Since the beginning of March 2020, approximately ten existing contracts have been canceled, and the Debtors have agreed to modify several others. At the beginning of this year, the Debtors did not expect to be filing for chapter 11. The Debtors began 2020 with approximately $1.6 billion of undrawn capacity under their revolving credit facility, which was anticipated to provide sufficient liquidity to fund the Debtors’ operations for the foreseeable future. Moreover, the Debtors had financial flexibility to address their capital structure pursuant to the terms of their debt documents. In late 2019 and early 2020, the Debtors engaged advisors — including Kirkland & Ellis LLP and Slaughter and May as US and UK counsel and Lazard Frères & Co. LLC (‘Lazard’) as investment banker — to consider out-of-court liability management transactions to reduce leverage and capture discount. COVID-19, however, shifted the economic landscape for the Debtors. Ultimately, it became clear that the Debtors’ leverage was unsustainable in this new environment.”

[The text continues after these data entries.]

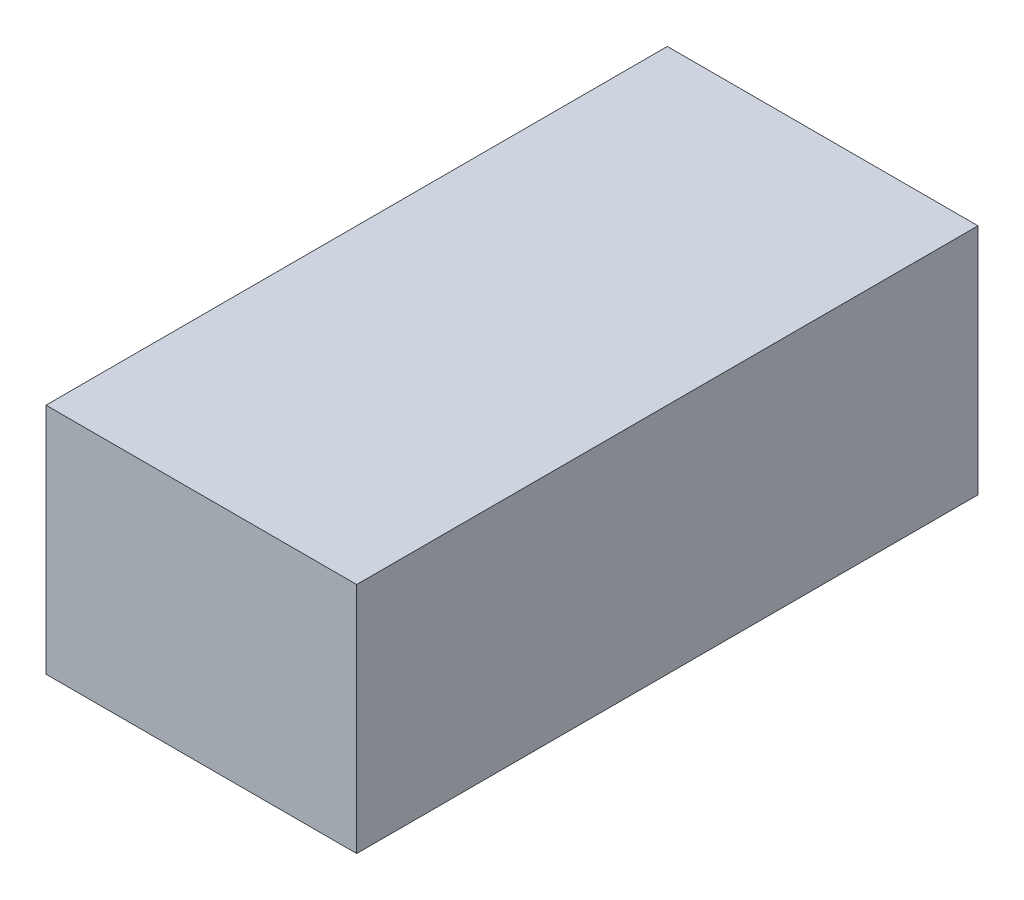
SolidWorks part; units mm, degrees
ref_plane "Ebene vorne" through (0, 0, 0) normal (0, 0, 1) x (1, 0, 0)
ref_plane "Ebene oben" through (0, 0, 0) normal (0, 1, 0) x (1, 0, 0)
ref_plane "Ebene rechts" through (0, 0, 0) normal (1, 0, 0) x (0, 0, -1)
sketch "Sketch1" plane through (0, 0, 0) normal (0, 1, 0) x (1, 0, 0)
  line L1 (0, 0) -> (20, 0)
  line L2 (0, 0) -> (0, 40)
  line L3 (0, 40) -> (20, 40)
  line L4 (20, 0) -> (20, 40)
  dimension "D1" = 40
  dimension "D2" = 20
extrude "Boss-Extrude1" add sketch "Sketch1" along normal blind 15

Liquidation Analysis (see Exhibit D of Disclosure Statement [Docket No. 816] for notes)
About the Debtors
According to the Debtors: “Valaris plc (NYSE: VAL) is the industry leader in offshore drilling services across all water depths and geographies. Operating a high-quality rig fleet of ultra-deepwater drillships, versatile semisubmersibles and modern shallow-water jackups, Valaris has experience operating in nearly every major offshore basin. With an unwavering commitment to safety and operational excellence, and a focus on technology and innovation, Valaris was rated first in total customer satisfaction in the latest independent survey by EnergyPoint Research – the ninth consecutive year that the Company has earned this distinction. Valaris plc is an English limited company (England No. 7023598) with its corporate headquarters located at 110 Cannon Street, London EC4N 6EU.”